WHAT THIS TASK INVOLVES | Only an exact, line-for-line copy of the data will serve as the answer.

——————

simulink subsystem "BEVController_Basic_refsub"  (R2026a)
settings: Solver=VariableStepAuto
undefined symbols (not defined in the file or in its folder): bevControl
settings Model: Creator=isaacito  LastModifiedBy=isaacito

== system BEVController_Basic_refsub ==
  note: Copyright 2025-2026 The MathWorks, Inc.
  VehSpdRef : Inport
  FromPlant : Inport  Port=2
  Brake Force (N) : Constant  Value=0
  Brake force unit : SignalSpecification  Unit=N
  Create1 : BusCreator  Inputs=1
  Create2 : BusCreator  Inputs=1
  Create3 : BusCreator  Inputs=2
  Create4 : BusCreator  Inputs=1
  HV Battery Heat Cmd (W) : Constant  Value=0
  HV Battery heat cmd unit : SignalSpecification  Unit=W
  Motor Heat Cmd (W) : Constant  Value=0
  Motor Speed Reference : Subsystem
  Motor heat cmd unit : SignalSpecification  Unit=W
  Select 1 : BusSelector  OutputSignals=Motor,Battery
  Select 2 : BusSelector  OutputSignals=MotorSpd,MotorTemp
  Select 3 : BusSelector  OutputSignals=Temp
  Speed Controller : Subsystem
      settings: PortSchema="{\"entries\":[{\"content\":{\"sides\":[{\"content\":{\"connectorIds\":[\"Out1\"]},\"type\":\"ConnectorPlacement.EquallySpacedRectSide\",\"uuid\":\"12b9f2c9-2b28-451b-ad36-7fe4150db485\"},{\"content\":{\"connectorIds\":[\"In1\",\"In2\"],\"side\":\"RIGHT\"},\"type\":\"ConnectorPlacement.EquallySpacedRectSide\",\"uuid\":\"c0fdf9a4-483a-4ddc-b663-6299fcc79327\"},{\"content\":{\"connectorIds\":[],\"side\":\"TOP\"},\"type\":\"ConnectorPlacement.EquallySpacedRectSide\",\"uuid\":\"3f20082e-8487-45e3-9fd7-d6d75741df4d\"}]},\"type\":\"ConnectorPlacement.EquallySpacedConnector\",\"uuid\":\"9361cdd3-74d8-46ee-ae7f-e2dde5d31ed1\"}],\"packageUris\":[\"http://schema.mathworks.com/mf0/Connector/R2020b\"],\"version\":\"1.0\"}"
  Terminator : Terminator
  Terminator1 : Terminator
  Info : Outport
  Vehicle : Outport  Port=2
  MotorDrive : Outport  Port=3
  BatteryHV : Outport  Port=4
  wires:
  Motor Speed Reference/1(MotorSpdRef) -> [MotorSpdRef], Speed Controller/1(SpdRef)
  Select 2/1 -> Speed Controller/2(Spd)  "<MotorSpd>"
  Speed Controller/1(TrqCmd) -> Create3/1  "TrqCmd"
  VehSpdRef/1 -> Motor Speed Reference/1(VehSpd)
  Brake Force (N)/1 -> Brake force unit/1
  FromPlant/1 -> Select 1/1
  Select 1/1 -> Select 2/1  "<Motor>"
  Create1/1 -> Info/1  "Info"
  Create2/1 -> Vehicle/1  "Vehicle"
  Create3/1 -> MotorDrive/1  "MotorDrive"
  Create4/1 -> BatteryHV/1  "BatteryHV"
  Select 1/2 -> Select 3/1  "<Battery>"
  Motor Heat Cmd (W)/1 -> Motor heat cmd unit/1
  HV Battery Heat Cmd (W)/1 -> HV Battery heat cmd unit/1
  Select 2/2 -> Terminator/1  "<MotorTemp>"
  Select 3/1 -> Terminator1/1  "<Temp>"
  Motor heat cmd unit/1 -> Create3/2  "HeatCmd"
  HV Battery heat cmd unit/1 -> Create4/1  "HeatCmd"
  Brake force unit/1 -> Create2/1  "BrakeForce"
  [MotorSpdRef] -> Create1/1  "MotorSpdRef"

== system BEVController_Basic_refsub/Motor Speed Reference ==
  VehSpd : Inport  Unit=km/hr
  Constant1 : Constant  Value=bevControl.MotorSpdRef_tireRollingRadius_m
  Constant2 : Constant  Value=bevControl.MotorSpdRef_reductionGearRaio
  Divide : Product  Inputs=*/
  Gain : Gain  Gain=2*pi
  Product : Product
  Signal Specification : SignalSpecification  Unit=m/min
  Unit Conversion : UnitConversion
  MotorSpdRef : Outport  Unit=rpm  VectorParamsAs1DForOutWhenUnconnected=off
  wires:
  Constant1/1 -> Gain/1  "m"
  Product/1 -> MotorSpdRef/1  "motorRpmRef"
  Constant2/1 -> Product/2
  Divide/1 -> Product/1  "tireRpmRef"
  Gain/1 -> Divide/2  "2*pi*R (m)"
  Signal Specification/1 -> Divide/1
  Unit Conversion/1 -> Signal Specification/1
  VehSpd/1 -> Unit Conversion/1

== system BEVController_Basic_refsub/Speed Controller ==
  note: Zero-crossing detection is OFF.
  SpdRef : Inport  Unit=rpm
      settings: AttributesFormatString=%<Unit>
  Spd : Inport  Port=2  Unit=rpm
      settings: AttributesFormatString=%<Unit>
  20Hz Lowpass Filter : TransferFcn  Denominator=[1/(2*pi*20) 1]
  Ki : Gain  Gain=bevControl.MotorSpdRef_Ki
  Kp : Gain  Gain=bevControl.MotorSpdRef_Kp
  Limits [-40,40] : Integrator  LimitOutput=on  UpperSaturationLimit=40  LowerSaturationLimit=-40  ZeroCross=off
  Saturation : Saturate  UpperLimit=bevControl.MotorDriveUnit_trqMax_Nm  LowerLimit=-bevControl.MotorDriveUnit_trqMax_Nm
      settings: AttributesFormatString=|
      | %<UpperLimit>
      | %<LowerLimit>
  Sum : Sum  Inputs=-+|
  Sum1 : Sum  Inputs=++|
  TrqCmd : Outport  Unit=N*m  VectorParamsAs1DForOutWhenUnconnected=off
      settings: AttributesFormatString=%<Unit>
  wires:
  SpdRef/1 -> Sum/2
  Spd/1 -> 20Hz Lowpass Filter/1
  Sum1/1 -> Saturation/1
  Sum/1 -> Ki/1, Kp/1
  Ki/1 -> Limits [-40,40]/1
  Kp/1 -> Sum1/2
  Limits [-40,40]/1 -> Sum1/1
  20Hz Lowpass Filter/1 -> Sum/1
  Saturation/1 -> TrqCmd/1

——————

TASK ANSWER |
simulink subsystem "BEVController_Basic_refsub"  (R2026a)
settings: Solver=VariableStepAuto
undefined symbols (not defined in the file or in its folder): bevControl
settings Model: Creator=isaacito  LastModifiedBy=isaacito

== system BEVController_Basic_refsub ==
  note: Copyright 2025-2026 The MathWorks, Inc.
  VehSpdRef : Inport
  FromPlant : Inport  Port=2
  Brake Force (N) : Constant  Value=0
  Brake force unit : SignalSpecification  Unit=N
  Create1 : BusCreator  Inputs=1
  Create2 : BusCreator  Inputs=1
  Create3 : BusCreator  Inputs=2
  Create4 : BusCreator  Inputs=1
  HV Battery Heat Cmd (W) : Constant  Value=0
  HV Battery heat cmd unit : SignalSpecification  Unit=W
  Motor Heat Cmd (W) : Constant  Value=0
  Motor Speed Reference : Subsystem
  Motor heat cmd unit : SignalSpecification  Unit=W
  Select 1 : BusSelector  OutputSignals=Motor,Battery
  Select 2 : BusSelector  OutputSignals=MotorSpd,MotorTemp
  Select 3 : BusSelector  OutputSignals=Temp
  Speed Controller : Subsystem
      settings: PortSchema="{\"entries\":[{\"content\":{\"sides\":[{\"content\":{\"connectorIds\":[\"Out1\"]},\"type\":\"ConnectorPlacement.EquallySpacedRectSide\",\"uuid\":\"12b9f2c9-2b28-451b-ad36-7fe4150db485\"},{\"content\":{\"connectorIds\":[\"In1\",\"In2\"],\"side\":\"RIGHT\"},\"type\":\"ConnectorPlacement.EquallySpacedRectSide\",\"uuid\":\"c0fdf9a4-483a-4ddc-b663-6299fcc79327\"},{\"content\":{\"connectorIds\":[],\"side\":\"TOP\"},\"type\":\"ConnectorPlacement.EquallySpacedRectSide\",\"uuid\":\"3f20082e-8487-45e3-9fd7-d6d75741df4d\"}]},\"type\":\"ConnectorPlacement.EquallySpacedConnector\",\"uuid\":\"9361cdd3-74d8-46ee-ae7f-e2dde5d31ed1\"}],\"packageUris\":[\"http://schema.mathworks.com/mf0/Connector/R2020b\"],\"version\":\"1.0\"}"
  Terminator : Terminator
  Terminator1 : Terminator
  Info : Outport
  Vehicle : Outport  Port=2
  MotorDrive : Outport  Port=3
  BatteryHV : Outport  Port=4
  wires:
  Motor Speed Reference/1(MotorSpdRef) -> [MotorSpdRef], Speed Controller/1(SpdRef)
  Select 2/1 -> Speed Controller/2(Spd)  "<MotorSpd>"
  Speed Controller/1(TrqCmd) -> Create3/1  "TrqCmd"
  VehSpdRef/1 -> Motor Speed Reference/1(VehSpd)
  Brake Force (N)/1 -> Brake force unit/1
  FromPlant/1 -> Select 1/1
  Select 1/1 -> Select 2/1  "<Motor>"
  Create1/1 -> Info/1  "Info"
  Create2/1 -> Vehicle/1  "Vehicle"
  Create3/1 -> MotorDrive/1  "MotorDrive"
  Create4/1 -> BatteryHV/1  "BatteryHV"
  Select 1/2 -> Select 3/1  "<Battery>"
  Motor Heat Cmd (W)/1 -> Motor heat cmd unit/1
  HV Battery Heat Cmd (W)/1 -> HV Battery heat cmd unit/1
  Select 2/2 -> Terminator/1  "<MotorTemp>"
  Select 3/1 -> Terminator1/1  "<Temp>"
  Motor heat cmd unit/1 -> Create3/2  "HeatCmd"
  HV Battery heat cmd unit/1 -> Create4/1  "HeatCmd"
  Brake force unit/1 -> Create2/1  "BrakeForce"
  [MotorSpdRef] -> Create1/1  "MotorSpdRef"

== system BEVController_Basic_refsub/Motor Speed Reference ==
  VehSpd : Inport  Unit=km/hr
  Constant1 : Constant  Value=bevControl.MotorSpdRef_tireRollingRadius_m
  Constant2 : Constant  Value=bevControl.MotorSpdRef_reductionGearRaio
  Divide : Product  Inputs=*/
  Gain : Gain  Gain=2*pi
  Product : Product
  Signal Specification : SignalSpecification  Unit=m/min
  Unit Conversion : UnitConversion
  MotorSpdRef : Outport  Unit=rpm  VectorParamsAs1DForOutWhenUnconnected=off
  wires:
  Constant1/1 -> Gain/1  "m"
  Product/1 -> MotorSpdRef/1  "motorRpmRef"
  Constant2/1 -> Product/2
  Divide/1 -> Product/1  "tireRpmRef"
  Gain/1 -> Divide/2  "2*pi*R (m)"
  Signal Specification/1 -> Divide/1
  Unit Conversion/1 -> Signal Specification/1
  VehSpd/1 -> Unit Conversion/1

== system BEVController_Basic_refsub/Speed Controller ==
  note: Zero-crossing detection is OFF.
  SpdRef : Inport  Unit=rpm
      settings: AttributesFormatString=%<Unit>
  Spd : Inport  Port=2  Unit=rpm
      settings: AttributesFormatString=%<Unit>
  20Hz Lowpass Filter : TransferFcn  Denominator=[1/(2*pi*20) 1]
  Ki : Gain  Gain=bevControl.MotorSpdRef_Ki
  Kp : Gain  Gain=bevControl.MotorSpdRef_Kp
  Limits [-40,40] : Integrator  LimitOutput=on  UpperSaturationLimit=40  LowerSaturationLimit=-40  ZeroCross=off
  Saturation : Saturate  UpperLimit=bevControl.MotorDriveUnit_trqMax_Nm  LowerLimit=-bevControl.MotorDriveUnit_trqMax_Nm
      settings: AttributesFormatString=|
      | %<UpperLimit>
      | %<LowerLimit>
  Sum : Sum  Inputs=-+|
  Sum1 : Sum  Inputs=++|
  TrqCmd : Outport  Unit=N*m  VectorParamsAs1DForOutWhenUnconnected=off
      settings: AttributesFormatString=%<Unit>
  wires:
  SpdRef/1 -> Sum/2
  Spd/1 -> 20Hz Lowpass Filter/1
  Sum1/1 -> Saturation/1
  Sum/1 -> Ki/1, Kp/1
  Ki/1 -> Limits [-40,40]/1
  Kp/1 -> Sum1/2
  Limits [-40,40]/1 -> Sum1/1
  20Hz Lowpass Filter/1 -> Sum/1
  Saturation/1 -> TrqCmd/1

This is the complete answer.